* Aim of the task *
Each line of the entries below that holds "linetype" is needed, copied in full.

Recorded data
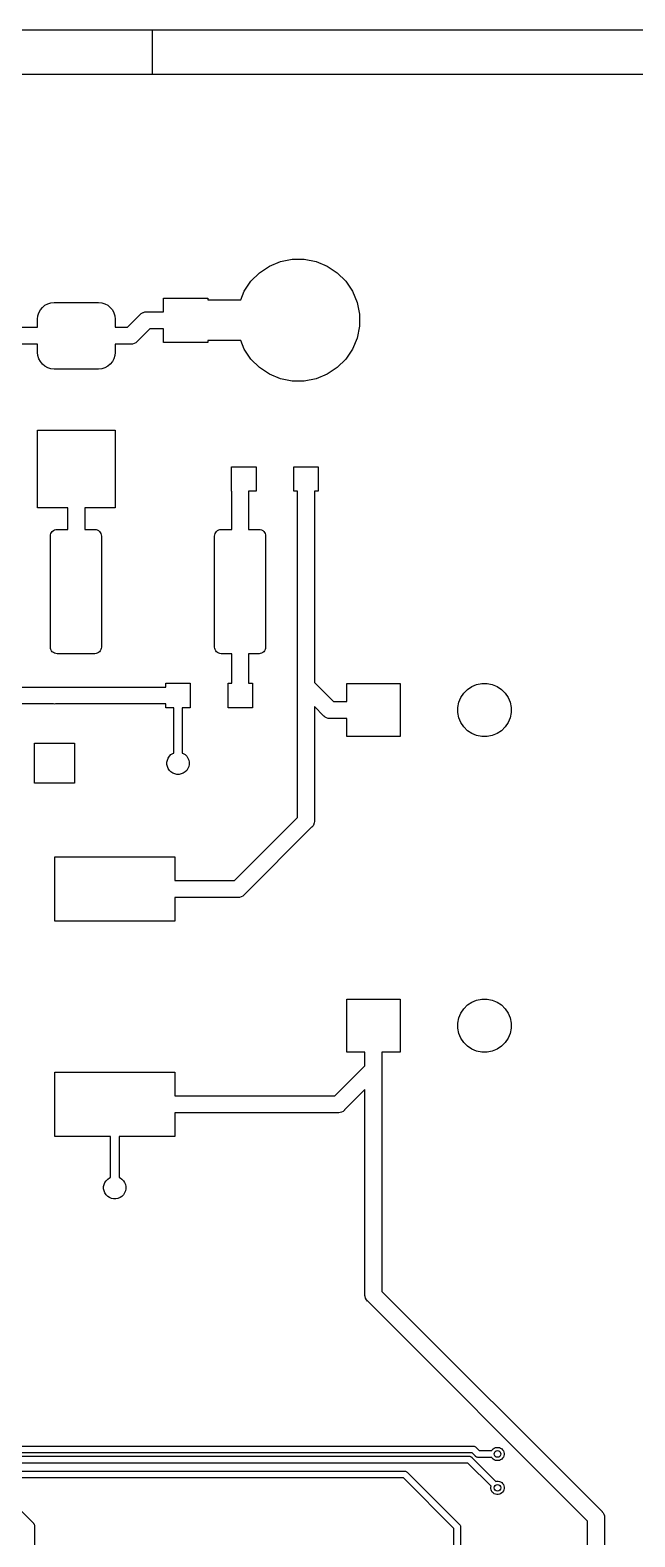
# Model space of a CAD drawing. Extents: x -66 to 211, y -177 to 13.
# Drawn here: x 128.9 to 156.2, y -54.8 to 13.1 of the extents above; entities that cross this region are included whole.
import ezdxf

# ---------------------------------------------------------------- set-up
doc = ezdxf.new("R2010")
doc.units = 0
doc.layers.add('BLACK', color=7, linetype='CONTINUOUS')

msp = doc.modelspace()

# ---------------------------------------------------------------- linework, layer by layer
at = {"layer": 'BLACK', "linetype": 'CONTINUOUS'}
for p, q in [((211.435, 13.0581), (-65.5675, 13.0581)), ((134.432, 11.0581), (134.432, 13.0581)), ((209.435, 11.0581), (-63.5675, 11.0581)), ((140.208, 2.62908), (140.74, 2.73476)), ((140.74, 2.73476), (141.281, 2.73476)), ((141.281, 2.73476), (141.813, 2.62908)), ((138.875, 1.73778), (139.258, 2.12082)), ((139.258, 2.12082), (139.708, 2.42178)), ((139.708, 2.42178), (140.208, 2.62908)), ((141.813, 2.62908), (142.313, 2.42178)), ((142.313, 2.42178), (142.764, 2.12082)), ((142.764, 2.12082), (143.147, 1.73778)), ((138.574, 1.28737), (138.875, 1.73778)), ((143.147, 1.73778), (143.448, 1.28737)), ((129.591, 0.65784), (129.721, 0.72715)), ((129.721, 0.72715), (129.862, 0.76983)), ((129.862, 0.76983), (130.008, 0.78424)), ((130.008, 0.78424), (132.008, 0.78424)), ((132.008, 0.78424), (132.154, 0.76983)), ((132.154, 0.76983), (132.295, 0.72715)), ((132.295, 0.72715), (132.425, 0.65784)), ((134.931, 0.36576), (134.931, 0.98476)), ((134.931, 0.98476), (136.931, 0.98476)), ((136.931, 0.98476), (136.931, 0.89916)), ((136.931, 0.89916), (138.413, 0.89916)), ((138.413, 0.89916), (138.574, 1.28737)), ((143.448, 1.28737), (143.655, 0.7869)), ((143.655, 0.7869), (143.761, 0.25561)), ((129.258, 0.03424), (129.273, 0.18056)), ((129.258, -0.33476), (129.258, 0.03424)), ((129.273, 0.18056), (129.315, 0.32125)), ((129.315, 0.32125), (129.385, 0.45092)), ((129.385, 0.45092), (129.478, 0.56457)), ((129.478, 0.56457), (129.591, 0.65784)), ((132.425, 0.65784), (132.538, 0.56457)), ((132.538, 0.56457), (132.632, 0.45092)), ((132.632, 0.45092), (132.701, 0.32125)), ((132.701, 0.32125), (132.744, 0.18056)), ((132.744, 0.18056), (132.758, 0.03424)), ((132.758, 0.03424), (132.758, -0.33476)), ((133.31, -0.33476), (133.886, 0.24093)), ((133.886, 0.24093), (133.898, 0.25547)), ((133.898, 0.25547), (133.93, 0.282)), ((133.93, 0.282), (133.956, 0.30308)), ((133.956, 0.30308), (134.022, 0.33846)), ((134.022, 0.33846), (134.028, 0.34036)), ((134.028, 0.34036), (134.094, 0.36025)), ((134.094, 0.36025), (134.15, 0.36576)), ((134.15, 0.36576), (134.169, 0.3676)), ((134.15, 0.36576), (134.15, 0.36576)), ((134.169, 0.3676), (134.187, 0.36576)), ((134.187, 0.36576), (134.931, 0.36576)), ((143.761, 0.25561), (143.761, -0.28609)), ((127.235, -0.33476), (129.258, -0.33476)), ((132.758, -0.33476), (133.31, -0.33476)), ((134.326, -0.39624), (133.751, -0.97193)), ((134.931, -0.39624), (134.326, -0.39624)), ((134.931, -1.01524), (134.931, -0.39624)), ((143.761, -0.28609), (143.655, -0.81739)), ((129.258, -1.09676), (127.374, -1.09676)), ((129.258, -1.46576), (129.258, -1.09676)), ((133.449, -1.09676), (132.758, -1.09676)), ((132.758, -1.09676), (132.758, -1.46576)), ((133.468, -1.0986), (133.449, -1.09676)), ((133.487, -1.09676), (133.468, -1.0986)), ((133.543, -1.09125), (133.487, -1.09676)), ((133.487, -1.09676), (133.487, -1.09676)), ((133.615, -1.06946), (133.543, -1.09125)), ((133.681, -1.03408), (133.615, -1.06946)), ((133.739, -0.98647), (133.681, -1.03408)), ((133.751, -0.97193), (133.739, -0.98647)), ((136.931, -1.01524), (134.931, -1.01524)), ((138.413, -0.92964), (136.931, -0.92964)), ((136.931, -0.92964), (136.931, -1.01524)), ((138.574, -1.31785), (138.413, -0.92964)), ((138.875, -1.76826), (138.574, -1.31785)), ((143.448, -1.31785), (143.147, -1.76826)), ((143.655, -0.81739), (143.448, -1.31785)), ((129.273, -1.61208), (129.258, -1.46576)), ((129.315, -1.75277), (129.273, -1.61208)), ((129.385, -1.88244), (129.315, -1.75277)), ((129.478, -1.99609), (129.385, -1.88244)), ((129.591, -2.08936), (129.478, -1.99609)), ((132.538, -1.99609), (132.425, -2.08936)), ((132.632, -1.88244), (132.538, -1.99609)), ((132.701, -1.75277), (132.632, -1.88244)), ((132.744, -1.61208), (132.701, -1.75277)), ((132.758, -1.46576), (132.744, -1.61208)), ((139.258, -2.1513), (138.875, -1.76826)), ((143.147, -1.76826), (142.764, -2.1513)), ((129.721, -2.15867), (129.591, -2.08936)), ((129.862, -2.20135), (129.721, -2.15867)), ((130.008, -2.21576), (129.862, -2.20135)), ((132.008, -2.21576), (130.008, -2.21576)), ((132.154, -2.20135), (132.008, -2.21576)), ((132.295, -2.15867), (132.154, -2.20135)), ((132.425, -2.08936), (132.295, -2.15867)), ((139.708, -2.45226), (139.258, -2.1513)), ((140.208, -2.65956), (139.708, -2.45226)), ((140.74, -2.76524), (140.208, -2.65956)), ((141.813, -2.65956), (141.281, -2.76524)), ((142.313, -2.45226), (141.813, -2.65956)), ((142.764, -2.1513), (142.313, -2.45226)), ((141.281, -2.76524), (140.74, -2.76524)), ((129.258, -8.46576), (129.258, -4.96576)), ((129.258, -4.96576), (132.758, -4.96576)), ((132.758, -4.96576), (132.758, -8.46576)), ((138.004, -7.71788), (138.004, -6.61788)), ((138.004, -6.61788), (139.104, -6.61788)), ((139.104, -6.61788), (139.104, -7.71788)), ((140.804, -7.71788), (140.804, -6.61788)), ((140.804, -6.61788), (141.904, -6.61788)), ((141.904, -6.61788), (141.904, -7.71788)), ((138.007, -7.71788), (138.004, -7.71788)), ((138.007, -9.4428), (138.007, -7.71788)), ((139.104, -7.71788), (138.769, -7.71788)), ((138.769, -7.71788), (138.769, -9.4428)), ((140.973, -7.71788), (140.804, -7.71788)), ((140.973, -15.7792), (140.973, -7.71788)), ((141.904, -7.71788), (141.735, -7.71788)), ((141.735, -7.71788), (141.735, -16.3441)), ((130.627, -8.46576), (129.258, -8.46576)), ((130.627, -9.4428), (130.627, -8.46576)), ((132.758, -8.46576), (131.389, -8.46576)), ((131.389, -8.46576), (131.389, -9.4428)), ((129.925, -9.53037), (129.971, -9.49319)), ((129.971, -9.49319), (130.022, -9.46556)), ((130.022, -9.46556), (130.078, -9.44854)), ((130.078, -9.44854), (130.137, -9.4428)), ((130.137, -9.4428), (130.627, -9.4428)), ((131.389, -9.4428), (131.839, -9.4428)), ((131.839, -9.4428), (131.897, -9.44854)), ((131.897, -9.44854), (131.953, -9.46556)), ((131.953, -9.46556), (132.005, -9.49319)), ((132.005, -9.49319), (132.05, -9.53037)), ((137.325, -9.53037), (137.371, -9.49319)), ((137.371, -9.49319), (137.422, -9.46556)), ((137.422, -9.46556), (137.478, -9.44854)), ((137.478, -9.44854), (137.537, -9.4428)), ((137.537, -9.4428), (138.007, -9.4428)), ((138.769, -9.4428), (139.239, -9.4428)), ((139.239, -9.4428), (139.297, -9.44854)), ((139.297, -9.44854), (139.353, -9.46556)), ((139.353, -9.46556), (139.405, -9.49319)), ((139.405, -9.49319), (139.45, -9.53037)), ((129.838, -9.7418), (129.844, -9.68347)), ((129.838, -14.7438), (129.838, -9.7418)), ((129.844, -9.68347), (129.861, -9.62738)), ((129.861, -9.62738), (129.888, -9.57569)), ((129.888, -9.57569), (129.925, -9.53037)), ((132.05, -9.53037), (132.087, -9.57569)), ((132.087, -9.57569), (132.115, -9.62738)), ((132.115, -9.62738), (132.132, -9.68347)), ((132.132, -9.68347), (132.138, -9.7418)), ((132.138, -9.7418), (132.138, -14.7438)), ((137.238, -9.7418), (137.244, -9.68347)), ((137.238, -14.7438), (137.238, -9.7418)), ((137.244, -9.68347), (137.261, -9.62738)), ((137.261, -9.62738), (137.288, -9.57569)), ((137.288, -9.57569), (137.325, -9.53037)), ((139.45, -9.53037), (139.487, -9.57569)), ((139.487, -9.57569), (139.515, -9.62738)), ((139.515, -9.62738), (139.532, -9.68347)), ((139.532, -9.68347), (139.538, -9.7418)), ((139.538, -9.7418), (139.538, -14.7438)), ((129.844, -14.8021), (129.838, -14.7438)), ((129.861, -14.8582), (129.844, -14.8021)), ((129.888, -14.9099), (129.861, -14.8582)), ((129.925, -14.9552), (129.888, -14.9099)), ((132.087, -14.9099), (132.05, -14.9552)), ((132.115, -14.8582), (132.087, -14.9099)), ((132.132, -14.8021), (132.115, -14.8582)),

* Result of this task *
doc.layers.add('BLACK', color=7, linetype='CONTINUOUS')
at = {"layer": 'BLACK', "linetype": 'CONTINUOUS'}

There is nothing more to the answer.